SMEs urged to become frontline players

By Zheng Caixiong (China Daily)
Updated: 2007-09-15 13:58

The government is encouraging privately run small and medium-sized enterprises (SMEs) to put greater emphasis on technological innovation and play an increasingly important role in China's economic growth in the years to come.

Wang Liming, vice-director of the SME Department under the National Development and Reform Commission, said the nation is actually doing all it can to help SMEs expand at home and abroad.

He believes Chinese SMEs will certainly become a new force driving the future growth of the economy.

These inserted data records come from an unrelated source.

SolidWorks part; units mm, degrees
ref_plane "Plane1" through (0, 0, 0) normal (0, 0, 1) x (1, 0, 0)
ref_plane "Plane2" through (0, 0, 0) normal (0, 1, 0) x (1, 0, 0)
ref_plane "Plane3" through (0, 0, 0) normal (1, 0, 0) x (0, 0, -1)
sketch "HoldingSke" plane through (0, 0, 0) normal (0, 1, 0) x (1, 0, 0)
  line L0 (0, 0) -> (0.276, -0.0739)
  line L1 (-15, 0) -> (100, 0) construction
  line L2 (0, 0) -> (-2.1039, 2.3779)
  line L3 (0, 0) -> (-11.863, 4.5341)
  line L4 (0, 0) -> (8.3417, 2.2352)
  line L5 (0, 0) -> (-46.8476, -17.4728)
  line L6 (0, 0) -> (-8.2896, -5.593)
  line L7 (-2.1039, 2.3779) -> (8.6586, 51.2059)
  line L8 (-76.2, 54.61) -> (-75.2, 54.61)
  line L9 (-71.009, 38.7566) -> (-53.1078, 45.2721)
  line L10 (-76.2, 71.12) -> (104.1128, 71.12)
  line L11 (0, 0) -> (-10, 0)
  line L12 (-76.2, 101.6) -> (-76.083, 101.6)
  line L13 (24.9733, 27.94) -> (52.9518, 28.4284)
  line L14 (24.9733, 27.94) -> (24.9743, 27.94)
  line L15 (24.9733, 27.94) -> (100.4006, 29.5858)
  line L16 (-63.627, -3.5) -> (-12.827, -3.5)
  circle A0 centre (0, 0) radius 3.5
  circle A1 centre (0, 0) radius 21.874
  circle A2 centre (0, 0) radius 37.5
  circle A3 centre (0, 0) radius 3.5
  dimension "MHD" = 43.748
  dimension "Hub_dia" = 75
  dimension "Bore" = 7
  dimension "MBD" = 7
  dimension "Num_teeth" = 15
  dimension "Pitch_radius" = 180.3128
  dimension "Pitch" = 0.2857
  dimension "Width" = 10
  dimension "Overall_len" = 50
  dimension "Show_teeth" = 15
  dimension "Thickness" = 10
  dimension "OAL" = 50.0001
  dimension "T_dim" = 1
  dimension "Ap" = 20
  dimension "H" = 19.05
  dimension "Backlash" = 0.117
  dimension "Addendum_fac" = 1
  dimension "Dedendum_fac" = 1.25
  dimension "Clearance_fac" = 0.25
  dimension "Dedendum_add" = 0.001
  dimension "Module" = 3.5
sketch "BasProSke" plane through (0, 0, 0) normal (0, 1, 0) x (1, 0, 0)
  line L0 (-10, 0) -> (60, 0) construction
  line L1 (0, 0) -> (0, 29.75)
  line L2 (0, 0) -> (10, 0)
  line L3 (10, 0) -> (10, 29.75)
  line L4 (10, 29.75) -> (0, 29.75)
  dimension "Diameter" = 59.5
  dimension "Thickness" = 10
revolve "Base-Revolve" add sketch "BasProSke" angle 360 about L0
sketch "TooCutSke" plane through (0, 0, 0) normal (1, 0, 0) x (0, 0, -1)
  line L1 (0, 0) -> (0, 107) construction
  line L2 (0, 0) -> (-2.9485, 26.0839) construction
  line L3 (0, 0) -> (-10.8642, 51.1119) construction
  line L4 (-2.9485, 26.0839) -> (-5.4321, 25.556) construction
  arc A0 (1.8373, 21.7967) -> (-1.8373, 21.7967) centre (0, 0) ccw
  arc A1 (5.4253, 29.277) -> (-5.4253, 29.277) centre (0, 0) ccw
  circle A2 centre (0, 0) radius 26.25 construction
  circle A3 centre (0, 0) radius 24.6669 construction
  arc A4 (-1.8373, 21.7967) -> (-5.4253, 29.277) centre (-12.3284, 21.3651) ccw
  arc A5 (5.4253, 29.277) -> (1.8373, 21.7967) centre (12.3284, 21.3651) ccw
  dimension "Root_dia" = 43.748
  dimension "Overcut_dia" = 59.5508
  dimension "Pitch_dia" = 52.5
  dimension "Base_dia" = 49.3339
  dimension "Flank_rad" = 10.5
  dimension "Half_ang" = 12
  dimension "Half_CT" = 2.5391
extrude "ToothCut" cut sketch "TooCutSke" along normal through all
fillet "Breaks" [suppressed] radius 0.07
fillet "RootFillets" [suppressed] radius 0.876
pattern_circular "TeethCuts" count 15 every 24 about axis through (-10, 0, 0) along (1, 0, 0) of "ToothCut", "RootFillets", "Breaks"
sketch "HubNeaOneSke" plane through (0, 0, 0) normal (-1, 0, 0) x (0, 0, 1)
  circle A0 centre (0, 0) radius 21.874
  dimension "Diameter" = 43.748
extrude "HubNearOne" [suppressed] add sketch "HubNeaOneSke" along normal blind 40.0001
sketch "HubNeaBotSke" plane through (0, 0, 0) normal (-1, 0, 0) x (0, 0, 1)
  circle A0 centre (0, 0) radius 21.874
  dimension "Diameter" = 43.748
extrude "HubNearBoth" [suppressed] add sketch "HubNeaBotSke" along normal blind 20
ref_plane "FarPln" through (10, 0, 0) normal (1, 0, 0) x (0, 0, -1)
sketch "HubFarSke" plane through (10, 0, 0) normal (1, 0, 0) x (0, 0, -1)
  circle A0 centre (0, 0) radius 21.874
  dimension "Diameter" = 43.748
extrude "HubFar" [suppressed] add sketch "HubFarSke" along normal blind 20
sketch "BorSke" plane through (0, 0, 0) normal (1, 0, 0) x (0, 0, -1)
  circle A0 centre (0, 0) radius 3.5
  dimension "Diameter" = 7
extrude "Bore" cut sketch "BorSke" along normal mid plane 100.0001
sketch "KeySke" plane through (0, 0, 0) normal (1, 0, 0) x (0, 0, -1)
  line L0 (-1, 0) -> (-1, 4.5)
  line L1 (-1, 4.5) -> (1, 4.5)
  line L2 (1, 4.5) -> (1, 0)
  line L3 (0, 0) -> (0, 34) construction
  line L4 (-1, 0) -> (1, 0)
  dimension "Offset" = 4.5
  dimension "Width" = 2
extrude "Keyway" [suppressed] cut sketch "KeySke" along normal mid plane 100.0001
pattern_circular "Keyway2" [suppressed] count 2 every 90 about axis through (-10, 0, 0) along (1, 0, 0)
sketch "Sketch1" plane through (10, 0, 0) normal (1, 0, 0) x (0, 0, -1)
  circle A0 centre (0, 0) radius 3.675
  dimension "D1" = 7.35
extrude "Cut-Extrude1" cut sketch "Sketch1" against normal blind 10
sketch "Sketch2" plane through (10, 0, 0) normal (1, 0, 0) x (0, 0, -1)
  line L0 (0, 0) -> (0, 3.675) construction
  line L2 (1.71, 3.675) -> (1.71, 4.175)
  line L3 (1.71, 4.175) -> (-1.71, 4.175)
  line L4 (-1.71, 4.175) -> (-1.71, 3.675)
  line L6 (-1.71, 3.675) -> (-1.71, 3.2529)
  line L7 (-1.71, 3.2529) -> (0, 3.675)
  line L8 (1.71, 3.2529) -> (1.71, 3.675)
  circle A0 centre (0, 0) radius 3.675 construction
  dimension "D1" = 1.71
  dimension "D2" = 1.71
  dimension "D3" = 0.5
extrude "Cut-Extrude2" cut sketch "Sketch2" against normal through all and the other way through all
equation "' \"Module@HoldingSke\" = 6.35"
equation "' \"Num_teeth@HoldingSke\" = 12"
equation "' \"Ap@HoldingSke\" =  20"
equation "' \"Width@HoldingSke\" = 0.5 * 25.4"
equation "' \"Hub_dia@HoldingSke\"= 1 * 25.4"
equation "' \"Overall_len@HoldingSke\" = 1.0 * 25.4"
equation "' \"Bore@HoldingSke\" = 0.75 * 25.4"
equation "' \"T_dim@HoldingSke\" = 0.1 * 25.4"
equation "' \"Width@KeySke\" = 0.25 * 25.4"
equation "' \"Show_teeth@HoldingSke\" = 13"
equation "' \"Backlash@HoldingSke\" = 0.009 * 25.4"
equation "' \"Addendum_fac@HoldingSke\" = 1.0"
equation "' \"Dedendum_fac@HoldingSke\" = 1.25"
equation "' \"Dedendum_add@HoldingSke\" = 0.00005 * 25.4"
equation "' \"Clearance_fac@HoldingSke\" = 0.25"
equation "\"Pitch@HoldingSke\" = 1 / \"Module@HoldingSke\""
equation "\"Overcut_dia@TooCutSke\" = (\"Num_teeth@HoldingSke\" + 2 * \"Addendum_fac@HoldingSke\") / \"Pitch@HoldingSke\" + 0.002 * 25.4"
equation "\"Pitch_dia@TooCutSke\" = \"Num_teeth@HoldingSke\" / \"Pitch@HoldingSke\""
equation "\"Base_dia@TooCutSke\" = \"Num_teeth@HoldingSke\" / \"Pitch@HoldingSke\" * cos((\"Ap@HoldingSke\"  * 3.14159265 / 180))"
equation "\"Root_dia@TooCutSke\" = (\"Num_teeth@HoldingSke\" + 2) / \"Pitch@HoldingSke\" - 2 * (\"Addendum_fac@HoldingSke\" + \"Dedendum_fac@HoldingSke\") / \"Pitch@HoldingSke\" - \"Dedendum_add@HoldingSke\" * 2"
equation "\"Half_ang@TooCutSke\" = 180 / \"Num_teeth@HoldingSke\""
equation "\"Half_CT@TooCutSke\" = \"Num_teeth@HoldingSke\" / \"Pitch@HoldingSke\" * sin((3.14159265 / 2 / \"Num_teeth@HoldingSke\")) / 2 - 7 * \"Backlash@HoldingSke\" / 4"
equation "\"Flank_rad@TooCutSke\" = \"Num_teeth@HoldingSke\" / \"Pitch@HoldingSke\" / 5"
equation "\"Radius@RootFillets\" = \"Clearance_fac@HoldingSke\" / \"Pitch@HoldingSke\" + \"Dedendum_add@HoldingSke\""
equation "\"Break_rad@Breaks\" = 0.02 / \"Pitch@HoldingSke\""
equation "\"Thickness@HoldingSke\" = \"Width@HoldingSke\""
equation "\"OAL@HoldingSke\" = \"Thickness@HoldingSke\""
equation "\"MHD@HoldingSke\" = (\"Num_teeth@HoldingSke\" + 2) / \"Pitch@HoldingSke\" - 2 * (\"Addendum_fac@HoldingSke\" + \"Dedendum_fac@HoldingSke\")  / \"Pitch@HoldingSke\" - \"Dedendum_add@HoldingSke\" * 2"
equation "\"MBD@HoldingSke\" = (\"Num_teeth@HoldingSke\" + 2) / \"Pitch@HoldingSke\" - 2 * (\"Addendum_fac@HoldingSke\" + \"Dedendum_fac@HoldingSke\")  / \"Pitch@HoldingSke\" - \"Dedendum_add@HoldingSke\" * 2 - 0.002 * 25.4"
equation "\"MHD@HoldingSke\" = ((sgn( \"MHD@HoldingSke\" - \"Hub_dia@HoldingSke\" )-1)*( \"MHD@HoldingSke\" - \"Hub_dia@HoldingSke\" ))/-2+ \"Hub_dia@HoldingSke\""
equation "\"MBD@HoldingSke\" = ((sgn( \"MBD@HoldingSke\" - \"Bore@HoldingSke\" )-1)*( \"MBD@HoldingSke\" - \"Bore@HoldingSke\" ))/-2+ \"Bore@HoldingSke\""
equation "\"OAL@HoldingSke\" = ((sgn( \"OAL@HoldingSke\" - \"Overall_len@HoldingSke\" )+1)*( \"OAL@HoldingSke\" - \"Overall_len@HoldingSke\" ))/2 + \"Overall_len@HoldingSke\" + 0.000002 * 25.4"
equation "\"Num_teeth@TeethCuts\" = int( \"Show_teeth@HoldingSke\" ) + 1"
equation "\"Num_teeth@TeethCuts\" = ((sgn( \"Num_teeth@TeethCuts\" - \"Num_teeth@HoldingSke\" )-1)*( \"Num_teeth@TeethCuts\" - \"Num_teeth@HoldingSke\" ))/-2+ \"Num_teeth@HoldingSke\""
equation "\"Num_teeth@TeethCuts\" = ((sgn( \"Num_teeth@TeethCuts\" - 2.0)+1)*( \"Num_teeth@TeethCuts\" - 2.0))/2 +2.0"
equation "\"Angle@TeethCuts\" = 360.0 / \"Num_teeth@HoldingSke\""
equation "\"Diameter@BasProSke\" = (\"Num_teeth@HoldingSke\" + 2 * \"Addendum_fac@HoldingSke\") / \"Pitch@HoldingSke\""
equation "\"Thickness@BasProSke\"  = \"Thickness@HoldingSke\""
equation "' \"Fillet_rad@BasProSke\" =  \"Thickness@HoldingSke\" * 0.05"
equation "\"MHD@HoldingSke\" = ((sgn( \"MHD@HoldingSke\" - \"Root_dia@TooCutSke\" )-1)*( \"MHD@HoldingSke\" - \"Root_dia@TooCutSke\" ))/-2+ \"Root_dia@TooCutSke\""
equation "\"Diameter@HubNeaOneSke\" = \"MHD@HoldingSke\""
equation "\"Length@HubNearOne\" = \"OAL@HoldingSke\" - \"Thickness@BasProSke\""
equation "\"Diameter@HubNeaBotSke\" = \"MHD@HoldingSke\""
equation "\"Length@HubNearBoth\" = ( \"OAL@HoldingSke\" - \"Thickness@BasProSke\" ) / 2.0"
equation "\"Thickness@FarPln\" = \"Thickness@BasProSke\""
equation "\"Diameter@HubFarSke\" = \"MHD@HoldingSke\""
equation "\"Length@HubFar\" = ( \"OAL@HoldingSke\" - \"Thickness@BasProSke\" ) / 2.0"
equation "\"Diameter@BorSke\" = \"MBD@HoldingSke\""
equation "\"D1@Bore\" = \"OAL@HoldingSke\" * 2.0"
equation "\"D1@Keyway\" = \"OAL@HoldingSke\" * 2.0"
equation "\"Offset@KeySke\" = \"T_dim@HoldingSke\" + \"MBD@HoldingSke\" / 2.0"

By the end of last year, more than 42 million SMEs had been registered in China, representing more than 99 percent of the country's total number of enterprises. SMEs contributed more than 60 percent of the country's gross domestic product (GDP) in 2006.

Many heavyweight Chinese companies have developed from SMEs in the past decades, including Haier, Lenovo, Hisense and Huawei.

Guangdong, which borders the Hong Kong and Macao special administrative regions, has the largest number of SMEs on the Chinese mainland. Its SMEs have played an increasingly important role in local economic growth in recent years.

By the end of June, Guangdong had registered around 400,000 privately run SMEs with a total investment of more than 500 billion yuan. The province's SMEs currently employ more than 3.8 million people from around the country.

"Chinese SMEs have now entered a new era of fast development," Wang noted.

He urged them to seize every opportunity for further upgrade and to try to increase their presence in both the domestic and international markets.